EXERCISE GOAL
Search the listing below for the string "font" and show each line that contains it.

##### SOURCE DATA #####

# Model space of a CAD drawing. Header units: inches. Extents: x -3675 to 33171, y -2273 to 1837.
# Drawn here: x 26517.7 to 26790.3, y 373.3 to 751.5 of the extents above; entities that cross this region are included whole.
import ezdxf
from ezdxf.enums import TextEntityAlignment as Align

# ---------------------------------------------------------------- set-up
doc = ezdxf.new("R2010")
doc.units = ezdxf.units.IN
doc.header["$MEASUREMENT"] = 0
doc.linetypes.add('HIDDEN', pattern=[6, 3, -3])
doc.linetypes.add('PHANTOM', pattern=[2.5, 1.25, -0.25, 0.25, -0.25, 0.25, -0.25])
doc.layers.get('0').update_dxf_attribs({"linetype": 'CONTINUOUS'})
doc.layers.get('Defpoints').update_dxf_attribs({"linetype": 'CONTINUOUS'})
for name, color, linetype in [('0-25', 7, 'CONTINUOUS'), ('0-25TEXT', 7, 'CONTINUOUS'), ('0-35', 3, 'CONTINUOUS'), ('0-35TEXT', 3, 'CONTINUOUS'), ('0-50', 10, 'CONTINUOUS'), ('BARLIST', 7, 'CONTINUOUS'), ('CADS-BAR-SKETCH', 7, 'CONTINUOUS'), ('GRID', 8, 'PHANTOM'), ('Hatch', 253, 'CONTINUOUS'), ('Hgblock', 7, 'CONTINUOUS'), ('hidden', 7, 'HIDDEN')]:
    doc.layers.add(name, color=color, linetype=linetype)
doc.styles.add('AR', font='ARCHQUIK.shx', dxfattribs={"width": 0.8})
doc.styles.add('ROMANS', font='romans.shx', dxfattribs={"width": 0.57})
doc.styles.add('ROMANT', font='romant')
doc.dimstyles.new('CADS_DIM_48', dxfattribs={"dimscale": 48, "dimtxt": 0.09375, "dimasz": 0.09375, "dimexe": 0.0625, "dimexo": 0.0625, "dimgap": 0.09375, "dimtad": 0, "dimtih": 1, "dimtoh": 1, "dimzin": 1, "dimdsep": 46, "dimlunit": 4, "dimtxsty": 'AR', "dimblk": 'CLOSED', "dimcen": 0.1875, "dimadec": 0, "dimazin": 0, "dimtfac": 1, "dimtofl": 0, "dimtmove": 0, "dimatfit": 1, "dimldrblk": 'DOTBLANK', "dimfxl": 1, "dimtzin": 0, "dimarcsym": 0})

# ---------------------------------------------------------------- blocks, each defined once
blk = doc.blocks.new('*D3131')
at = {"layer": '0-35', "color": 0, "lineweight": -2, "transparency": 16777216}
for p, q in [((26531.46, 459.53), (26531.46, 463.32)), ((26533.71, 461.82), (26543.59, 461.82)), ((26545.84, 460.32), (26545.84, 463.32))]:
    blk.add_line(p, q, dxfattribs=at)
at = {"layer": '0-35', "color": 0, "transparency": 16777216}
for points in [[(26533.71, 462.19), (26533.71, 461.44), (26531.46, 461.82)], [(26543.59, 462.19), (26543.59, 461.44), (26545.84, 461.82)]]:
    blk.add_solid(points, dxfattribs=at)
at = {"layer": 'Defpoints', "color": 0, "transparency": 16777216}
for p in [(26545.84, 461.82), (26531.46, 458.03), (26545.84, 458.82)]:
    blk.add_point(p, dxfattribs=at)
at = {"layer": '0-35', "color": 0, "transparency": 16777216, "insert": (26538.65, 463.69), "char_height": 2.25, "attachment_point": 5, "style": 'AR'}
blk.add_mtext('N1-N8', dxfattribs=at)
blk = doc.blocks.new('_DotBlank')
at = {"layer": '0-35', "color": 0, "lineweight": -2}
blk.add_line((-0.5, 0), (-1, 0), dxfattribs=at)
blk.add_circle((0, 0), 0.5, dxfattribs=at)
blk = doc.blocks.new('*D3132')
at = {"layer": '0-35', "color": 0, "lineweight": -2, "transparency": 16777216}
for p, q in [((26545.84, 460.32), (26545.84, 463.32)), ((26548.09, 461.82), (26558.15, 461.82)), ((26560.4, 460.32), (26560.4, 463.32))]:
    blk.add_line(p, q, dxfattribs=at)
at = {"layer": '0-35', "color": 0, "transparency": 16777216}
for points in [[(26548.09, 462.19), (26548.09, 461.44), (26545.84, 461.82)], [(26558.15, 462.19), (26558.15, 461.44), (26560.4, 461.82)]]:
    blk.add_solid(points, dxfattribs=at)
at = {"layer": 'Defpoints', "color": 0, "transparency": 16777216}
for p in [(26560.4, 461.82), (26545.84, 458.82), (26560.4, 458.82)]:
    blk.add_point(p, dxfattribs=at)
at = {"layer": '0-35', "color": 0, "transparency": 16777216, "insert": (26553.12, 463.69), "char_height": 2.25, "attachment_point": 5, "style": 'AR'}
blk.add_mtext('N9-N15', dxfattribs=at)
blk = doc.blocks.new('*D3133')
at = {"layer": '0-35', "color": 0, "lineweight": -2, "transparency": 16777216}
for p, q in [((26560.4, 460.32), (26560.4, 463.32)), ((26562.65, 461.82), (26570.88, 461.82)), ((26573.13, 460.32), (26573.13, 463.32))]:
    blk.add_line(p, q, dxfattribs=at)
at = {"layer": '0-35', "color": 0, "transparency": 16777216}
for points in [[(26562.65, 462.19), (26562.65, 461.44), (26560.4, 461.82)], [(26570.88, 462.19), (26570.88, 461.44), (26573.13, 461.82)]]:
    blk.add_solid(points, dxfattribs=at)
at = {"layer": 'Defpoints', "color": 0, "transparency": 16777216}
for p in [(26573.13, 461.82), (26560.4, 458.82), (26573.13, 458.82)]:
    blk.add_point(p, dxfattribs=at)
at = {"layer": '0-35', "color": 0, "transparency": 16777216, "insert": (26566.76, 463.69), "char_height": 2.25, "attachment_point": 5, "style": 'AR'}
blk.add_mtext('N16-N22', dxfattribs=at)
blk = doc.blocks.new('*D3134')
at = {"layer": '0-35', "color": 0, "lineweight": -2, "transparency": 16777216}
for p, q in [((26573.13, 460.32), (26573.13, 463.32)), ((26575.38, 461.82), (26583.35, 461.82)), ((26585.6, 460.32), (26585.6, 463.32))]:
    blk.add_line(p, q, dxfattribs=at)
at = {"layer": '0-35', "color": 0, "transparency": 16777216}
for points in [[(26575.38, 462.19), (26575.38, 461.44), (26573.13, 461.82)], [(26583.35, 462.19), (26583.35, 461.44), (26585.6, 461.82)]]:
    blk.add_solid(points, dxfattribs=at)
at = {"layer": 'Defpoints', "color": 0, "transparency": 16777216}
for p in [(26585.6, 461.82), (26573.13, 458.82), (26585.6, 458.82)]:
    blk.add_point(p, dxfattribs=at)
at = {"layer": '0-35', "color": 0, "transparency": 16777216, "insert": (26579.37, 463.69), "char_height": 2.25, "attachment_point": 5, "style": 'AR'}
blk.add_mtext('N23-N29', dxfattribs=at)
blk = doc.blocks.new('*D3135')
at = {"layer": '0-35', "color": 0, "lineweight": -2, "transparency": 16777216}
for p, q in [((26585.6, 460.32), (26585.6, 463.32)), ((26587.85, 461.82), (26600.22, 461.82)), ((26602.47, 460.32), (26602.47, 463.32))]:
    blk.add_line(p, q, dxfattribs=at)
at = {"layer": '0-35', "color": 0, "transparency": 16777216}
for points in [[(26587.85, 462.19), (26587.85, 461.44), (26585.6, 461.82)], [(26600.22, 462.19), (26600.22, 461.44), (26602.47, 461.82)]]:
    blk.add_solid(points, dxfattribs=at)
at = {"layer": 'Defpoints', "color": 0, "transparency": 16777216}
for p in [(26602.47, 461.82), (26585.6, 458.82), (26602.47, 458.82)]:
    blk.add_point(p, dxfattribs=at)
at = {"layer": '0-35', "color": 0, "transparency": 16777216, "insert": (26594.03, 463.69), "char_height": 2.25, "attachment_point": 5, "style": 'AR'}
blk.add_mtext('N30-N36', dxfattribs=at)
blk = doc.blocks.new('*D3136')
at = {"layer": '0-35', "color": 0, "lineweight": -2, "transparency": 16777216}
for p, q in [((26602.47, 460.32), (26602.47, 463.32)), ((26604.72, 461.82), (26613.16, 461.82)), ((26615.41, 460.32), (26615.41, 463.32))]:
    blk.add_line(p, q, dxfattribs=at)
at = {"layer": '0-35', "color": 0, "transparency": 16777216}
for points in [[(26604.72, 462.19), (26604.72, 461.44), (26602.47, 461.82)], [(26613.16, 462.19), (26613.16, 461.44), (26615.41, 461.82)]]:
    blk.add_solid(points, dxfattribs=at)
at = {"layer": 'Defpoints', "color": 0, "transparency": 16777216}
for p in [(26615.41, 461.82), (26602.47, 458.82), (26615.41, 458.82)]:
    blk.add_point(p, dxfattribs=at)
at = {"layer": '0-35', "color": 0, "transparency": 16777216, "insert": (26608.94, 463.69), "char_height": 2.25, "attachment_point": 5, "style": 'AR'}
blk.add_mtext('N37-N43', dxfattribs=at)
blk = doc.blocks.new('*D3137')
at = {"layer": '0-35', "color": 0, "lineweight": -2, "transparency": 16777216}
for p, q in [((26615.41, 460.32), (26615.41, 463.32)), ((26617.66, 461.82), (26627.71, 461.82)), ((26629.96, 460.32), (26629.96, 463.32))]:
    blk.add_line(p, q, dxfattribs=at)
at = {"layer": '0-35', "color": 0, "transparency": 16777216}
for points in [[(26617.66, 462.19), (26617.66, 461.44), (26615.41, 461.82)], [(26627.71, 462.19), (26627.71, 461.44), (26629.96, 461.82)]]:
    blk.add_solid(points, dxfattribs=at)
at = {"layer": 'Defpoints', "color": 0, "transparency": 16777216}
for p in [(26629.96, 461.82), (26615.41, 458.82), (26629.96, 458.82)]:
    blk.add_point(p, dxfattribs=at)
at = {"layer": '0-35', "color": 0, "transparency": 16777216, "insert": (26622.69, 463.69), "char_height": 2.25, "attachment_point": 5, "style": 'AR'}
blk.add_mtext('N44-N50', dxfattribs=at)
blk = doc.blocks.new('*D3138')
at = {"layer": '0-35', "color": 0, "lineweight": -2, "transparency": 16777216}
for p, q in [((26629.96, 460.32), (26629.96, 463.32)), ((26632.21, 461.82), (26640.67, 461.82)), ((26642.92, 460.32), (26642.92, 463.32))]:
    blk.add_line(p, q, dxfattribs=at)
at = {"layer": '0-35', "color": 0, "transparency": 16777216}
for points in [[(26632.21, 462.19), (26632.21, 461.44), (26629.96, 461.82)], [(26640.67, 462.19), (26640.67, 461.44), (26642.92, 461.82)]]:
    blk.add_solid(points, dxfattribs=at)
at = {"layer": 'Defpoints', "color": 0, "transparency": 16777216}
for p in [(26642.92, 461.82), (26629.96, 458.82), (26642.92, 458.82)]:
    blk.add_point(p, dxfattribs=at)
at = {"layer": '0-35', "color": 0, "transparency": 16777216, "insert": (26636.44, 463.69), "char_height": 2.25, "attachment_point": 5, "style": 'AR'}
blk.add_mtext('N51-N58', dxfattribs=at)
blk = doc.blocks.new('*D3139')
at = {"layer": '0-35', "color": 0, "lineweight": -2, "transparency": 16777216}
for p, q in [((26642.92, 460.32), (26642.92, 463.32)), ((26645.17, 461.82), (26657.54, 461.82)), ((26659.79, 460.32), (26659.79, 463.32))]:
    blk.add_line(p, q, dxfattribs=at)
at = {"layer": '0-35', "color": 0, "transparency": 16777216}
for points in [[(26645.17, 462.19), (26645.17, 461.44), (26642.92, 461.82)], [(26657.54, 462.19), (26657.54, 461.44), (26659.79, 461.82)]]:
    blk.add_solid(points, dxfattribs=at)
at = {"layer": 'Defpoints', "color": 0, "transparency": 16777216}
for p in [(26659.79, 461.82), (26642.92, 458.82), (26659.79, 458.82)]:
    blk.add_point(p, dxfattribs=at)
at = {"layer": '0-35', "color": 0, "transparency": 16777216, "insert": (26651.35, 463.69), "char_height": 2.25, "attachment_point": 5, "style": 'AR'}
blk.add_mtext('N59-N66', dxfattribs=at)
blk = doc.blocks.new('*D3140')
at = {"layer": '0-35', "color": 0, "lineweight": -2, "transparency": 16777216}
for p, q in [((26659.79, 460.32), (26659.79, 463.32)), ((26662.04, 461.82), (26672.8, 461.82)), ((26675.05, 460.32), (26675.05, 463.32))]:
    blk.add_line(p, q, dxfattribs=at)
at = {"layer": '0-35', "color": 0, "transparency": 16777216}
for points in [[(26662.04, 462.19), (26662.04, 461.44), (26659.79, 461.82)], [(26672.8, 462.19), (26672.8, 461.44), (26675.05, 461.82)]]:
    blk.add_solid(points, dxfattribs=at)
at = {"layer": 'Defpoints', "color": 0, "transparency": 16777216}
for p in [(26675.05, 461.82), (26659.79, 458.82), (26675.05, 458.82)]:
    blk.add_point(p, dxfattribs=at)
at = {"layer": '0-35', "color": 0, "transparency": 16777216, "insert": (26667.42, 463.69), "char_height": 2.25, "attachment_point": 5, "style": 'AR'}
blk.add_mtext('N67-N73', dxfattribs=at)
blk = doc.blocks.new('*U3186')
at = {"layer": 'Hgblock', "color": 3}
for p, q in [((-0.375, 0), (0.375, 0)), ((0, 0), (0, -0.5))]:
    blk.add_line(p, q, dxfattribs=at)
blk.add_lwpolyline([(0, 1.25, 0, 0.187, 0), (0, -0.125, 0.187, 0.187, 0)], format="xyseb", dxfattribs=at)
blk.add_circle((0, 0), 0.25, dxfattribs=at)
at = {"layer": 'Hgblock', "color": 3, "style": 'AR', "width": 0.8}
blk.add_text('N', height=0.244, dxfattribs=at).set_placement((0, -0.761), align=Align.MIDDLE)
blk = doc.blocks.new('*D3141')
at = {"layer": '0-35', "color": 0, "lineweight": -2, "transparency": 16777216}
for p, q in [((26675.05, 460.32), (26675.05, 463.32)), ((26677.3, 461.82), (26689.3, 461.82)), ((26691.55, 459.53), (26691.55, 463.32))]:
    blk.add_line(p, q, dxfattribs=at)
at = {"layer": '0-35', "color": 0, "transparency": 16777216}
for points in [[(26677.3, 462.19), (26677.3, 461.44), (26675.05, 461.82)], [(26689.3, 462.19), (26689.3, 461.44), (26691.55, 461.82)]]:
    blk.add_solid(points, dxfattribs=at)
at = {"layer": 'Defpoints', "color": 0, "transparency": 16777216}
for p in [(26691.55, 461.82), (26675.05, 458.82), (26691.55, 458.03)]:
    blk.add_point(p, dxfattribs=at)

#####

EXERCISE OUTPUT
doc.styles.add('AR', font='ARCHQUIK.shx', dxfattribs={"width": 0.8})
doc.styles.add('ROMANS', font='romans.shx', dxfattribs={"width": 0.57})
doc.styles.add('ROMANT', font='romant')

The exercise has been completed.